● INFORMATION SHOWN:
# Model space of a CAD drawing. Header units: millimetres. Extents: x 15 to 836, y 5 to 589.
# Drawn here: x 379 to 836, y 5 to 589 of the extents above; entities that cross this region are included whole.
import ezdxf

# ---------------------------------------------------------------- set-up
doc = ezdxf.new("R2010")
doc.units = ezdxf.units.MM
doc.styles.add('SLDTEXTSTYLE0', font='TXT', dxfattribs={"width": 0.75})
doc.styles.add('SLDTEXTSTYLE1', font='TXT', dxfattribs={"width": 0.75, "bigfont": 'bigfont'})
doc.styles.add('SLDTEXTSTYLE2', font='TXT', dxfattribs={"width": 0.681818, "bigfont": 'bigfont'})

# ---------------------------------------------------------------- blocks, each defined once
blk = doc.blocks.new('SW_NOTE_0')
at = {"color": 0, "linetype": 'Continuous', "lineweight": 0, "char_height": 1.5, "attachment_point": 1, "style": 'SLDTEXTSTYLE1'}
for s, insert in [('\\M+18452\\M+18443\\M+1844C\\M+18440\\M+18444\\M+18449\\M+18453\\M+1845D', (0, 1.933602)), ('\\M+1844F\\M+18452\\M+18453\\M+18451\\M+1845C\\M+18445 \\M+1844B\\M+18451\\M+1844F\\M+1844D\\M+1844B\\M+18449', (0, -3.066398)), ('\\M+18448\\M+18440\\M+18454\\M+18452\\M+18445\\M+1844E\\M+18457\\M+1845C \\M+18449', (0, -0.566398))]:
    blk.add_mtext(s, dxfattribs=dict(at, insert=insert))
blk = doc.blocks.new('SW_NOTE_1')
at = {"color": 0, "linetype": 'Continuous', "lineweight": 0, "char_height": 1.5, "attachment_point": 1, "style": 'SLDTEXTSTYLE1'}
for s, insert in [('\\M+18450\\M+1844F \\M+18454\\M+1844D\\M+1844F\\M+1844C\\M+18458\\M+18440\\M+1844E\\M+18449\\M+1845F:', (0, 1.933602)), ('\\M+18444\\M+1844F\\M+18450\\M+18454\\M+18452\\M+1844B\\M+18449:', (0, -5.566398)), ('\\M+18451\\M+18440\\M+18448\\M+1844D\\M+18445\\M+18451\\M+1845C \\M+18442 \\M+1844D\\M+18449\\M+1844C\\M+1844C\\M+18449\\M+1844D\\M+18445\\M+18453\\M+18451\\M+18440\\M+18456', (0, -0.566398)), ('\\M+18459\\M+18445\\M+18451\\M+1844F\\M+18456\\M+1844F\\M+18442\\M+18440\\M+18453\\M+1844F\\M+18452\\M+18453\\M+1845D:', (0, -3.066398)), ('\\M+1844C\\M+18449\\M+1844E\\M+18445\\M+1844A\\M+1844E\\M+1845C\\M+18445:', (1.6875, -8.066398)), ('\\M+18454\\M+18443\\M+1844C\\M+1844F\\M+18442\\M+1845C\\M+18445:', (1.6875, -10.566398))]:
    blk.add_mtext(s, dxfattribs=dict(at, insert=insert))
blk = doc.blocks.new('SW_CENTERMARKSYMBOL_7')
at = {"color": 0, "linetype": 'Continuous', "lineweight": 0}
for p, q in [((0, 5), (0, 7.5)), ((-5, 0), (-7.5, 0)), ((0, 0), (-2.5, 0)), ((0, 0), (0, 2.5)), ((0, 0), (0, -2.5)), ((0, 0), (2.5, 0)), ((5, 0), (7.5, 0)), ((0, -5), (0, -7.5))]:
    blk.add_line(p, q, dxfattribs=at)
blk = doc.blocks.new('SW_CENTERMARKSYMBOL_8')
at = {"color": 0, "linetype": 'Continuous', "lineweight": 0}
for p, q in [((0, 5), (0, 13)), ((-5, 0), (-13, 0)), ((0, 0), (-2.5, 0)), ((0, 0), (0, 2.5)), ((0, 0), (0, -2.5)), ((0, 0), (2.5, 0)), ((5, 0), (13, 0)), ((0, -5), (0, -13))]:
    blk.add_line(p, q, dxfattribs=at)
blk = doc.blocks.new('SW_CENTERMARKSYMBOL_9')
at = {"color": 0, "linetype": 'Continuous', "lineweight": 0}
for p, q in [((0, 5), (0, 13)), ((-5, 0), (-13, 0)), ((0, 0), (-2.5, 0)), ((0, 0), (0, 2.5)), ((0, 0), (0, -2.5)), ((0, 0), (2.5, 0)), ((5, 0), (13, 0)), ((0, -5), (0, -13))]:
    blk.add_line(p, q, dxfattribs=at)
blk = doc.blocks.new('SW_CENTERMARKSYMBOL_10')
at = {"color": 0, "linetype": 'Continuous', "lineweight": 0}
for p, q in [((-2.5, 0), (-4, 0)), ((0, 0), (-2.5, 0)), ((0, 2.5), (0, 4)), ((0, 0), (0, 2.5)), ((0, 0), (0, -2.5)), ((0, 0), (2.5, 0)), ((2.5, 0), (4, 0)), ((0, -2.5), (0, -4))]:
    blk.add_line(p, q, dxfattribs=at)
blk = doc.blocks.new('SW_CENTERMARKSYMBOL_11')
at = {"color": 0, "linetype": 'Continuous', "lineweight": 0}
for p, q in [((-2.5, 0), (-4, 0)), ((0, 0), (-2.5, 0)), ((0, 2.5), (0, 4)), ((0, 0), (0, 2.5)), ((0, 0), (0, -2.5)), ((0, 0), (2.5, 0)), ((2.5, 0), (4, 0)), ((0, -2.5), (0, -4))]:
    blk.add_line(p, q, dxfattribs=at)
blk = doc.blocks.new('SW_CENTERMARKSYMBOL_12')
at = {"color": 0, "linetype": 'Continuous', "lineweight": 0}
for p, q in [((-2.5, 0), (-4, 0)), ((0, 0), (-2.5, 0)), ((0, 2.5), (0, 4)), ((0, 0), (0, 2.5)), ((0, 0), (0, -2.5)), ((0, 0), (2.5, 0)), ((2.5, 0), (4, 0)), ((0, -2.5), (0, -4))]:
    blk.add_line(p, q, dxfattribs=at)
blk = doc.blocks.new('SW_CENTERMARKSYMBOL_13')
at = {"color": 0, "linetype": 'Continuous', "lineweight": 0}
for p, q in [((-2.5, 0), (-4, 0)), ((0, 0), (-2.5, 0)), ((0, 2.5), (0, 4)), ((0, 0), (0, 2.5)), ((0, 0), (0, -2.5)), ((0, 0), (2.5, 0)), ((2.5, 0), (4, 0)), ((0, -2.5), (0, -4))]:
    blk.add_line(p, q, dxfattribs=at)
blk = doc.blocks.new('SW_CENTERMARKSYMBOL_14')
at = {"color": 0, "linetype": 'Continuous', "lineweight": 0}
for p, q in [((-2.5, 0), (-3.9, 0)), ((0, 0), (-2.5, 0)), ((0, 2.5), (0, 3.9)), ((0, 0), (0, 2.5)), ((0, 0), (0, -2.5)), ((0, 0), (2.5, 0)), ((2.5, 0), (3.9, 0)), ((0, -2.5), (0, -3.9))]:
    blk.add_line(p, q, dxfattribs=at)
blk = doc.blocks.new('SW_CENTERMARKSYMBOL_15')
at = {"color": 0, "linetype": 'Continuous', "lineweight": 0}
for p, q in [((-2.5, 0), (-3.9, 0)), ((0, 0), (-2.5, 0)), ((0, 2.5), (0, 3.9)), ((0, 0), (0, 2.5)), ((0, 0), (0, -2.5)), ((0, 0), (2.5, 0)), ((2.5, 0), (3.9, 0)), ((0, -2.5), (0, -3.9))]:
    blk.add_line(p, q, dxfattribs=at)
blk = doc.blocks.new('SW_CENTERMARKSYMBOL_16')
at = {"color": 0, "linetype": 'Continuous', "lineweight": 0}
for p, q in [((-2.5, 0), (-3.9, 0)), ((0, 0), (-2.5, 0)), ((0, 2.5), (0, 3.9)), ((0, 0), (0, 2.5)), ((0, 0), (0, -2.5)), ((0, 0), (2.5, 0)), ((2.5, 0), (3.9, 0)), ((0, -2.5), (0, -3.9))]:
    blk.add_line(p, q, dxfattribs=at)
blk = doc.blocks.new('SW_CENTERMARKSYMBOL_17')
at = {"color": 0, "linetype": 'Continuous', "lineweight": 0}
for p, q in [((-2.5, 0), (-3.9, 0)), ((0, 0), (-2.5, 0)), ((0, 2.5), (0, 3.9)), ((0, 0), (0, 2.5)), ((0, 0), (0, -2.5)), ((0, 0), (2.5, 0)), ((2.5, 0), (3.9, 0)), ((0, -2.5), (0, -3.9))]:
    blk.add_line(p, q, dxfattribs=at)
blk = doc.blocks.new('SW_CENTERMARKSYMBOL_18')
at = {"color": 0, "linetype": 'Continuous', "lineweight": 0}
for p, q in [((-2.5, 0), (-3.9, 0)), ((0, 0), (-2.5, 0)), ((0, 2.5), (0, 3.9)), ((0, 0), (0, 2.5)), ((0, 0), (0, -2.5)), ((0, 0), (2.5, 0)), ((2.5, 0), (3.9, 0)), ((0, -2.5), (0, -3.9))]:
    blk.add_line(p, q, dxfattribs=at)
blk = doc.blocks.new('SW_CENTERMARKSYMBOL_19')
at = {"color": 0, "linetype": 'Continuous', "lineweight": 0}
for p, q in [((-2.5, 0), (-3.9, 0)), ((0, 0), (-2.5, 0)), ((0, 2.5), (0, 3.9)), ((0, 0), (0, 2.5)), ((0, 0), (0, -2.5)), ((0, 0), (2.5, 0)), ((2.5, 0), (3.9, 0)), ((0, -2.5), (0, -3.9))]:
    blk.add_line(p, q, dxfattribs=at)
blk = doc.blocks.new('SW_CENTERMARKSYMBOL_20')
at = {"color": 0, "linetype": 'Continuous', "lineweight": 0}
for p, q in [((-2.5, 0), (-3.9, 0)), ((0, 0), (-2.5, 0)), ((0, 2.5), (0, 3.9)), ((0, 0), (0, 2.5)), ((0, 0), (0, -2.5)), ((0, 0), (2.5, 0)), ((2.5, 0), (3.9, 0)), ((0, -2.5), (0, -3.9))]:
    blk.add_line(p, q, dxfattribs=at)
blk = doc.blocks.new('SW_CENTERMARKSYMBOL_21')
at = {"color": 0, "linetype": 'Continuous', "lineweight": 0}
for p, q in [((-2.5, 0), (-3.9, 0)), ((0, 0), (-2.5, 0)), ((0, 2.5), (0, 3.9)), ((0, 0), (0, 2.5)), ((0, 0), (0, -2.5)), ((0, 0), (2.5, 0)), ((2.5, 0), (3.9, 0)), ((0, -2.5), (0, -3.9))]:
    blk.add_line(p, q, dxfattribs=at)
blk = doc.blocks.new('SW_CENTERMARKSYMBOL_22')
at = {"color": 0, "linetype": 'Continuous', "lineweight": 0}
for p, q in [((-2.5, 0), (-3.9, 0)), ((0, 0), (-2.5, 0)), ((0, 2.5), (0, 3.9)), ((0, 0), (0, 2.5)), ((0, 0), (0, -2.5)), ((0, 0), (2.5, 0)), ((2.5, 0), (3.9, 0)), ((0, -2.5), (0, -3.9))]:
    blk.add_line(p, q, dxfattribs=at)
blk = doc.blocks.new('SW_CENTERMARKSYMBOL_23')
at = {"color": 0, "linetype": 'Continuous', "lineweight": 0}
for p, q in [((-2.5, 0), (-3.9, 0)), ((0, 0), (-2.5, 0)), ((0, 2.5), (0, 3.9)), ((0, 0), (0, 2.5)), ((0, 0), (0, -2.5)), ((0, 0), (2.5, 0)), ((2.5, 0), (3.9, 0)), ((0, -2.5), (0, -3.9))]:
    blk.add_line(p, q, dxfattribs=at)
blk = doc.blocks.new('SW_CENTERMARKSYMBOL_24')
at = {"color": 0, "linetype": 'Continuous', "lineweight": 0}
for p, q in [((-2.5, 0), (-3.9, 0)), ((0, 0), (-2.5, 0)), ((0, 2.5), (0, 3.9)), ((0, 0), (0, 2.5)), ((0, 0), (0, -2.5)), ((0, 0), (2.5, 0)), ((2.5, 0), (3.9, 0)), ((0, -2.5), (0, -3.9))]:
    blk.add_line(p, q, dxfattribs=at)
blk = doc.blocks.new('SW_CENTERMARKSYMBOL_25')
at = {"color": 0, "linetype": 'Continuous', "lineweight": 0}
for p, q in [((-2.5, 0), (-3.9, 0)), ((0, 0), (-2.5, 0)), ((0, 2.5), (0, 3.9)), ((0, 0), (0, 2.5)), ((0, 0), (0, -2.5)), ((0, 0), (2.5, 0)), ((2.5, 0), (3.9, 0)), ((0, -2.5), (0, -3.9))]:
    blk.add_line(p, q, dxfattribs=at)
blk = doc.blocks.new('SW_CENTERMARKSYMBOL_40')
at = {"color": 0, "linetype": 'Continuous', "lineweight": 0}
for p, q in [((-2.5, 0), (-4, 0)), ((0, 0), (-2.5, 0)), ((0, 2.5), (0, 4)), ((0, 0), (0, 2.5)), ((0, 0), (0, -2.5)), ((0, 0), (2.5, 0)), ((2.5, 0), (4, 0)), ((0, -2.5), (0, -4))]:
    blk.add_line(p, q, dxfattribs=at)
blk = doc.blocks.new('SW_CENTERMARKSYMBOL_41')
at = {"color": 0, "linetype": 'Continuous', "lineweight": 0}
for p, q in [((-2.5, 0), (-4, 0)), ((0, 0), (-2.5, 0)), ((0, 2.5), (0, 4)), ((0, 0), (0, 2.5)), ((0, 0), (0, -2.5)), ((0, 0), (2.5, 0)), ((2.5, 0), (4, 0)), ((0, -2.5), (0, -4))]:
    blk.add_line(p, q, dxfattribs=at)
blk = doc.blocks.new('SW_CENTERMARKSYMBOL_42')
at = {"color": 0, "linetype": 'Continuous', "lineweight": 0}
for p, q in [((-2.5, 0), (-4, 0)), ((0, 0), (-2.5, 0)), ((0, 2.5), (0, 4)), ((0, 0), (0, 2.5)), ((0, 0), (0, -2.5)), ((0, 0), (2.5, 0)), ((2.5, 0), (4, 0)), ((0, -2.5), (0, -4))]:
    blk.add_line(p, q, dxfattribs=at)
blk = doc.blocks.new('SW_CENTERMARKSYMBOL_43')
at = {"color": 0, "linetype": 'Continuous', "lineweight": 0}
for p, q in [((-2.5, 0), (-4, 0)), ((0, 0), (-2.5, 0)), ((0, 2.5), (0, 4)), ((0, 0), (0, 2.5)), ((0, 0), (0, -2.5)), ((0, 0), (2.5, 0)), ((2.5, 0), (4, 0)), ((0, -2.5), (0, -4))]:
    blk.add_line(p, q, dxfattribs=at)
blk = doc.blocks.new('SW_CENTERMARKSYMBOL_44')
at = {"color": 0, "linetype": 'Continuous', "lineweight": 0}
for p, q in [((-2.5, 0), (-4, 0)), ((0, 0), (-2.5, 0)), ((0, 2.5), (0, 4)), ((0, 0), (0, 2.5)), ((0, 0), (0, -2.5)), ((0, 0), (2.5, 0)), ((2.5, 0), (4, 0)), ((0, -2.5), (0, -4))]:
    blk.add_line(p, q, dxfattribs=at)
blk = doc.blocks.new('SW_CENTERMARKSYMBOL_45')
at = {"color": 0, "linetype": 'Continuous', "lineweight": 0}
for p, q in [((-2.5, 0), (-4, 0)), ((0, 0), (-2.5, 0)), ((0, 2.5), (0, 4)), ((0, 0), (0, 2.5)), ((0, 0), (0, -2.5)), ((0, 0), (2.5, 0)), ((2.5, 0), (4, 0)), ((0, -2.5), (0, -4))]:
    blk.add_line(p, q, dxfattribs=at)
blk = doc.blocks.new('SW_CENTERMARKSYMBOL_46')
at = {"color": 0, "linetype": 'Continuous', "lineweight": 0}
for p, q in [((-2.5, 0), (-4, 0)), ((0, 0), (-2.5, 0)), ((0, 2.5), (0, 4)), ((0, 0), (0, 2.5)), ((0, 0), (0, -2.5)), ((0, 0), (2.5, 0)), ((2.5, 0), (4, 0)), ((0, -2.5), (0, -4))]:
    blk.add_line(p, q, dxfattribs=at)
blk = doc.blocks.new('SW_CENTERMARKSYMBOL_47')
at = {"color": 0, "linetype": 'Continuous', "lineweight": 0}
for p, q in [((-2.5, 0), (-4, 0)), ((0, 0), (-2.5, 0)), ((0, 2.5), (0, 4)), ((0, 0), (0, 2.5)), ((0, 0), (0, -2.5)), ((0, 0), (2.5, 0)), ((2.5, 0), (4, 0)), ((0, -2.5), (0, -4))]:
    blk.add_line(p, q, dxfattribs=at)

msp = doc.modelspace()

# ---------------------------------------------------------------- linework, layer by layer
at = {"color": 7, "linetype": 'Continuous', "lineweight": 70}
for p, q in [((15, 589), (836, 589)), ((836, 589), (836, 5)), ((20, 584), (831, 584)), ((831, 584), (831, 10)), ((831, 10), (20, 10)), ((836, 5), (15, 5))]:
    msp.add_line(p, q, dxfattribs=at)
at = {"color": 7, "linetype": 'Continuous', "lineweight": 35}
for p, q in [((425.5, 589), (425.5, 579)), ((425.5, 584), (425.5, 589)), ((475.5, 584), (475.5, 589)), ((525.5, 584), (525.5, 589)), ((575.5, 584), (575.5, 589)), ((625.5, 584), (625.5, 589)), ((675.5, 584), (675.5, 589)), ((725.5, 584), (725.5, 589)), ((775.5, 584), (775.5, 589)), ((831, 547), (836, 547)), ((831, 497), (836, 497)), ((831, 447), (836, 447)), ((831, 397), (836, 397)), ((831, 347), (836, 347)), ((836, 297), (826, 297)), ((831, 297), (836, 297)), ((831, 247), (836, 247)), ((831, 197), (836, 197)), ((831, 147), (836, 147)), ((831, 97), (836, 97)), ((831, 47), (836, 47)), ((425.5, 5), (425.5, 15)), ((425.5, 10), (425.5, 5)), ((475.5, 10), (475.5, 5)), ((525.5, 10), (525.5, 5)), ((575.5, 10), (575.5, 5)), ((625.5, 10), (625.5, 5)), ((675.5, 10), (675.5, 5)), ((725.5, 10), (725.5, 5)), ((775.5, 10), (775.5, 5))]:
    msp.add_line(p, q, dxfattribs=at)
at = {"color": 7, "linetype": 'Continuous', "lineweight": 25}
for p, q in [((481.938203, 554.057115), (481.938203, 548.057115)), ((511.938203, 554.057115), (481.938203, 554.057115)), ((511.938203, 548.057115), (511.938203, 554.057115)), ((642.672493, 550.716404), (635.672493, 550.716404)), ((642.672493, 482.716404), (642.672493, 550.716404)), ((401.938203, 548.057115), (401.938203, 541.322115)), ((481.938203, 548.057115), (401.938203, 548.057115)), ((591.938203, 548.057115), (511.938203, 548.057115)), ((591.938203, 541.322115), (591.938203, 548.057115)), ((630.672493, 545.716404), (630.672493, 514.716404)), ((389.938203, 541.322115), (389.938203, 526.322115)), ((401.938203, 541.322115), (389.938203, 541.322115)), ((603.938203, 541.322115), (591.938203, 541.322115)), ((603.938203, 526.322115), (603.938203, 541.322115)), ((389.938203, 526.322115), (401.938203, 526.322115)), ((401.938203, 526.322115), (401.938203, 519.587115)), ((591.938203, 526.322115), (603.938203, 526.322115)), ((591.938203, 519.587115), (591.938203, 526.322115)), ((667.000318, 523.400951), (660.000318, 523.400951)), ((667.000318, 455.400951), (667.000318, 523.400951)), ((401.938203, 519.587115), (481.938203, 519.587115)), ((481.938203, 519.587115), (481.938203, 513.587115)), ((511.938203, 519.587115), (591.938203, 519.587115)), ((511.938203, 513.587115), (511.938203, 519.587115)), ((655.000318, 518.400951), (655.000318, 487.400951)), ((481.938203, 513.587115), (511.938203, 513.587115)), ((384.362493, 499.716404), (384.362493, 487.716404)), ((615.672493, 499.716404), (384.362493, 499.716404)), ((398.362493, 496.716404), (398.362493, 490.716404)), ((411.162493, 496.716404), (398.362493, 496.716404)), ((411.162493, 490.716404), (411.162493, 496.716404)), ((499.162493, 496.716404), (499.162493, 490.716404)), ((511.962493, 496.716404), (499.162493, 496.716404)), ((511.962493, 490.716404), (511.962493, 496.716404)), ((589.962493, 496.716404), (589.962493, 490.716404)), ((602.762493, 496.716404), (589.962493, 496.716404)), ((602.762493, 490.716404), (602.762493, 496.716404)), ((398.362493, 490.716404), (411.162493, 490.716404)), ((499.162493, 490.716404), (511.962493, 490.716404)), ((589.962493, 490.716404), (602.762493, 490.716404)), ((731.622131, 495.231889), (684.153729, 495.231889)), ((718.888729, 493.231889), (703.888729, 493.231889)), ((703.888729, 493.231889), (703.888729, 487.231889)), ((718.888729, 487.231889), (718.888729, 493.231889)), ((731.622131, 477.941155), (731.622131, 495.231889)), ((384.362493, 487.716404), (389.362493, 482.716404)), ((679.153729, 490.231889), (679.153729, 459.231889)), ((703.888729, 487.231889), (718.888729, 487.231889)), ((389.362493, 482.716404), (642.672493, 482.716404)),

● THE PROBLEM: Every line with "width" in it should be copied from the entries.

● FINISHED TASK:
doc.styles.add('SLDTEXTSTYLE0', font='TXT', dxfattribs={"width": 0.75})
doc.styles.add('SLDTEXTSTYLE1', font='TXT', dxfattribs={"width": 0.75, "bigfont": 'bigfont'})
doc.styles.add('SLDTEXTSTYLE2', font='TXT', dxfattribs={"width": 0.681818, "bigfont": 'bigfont'})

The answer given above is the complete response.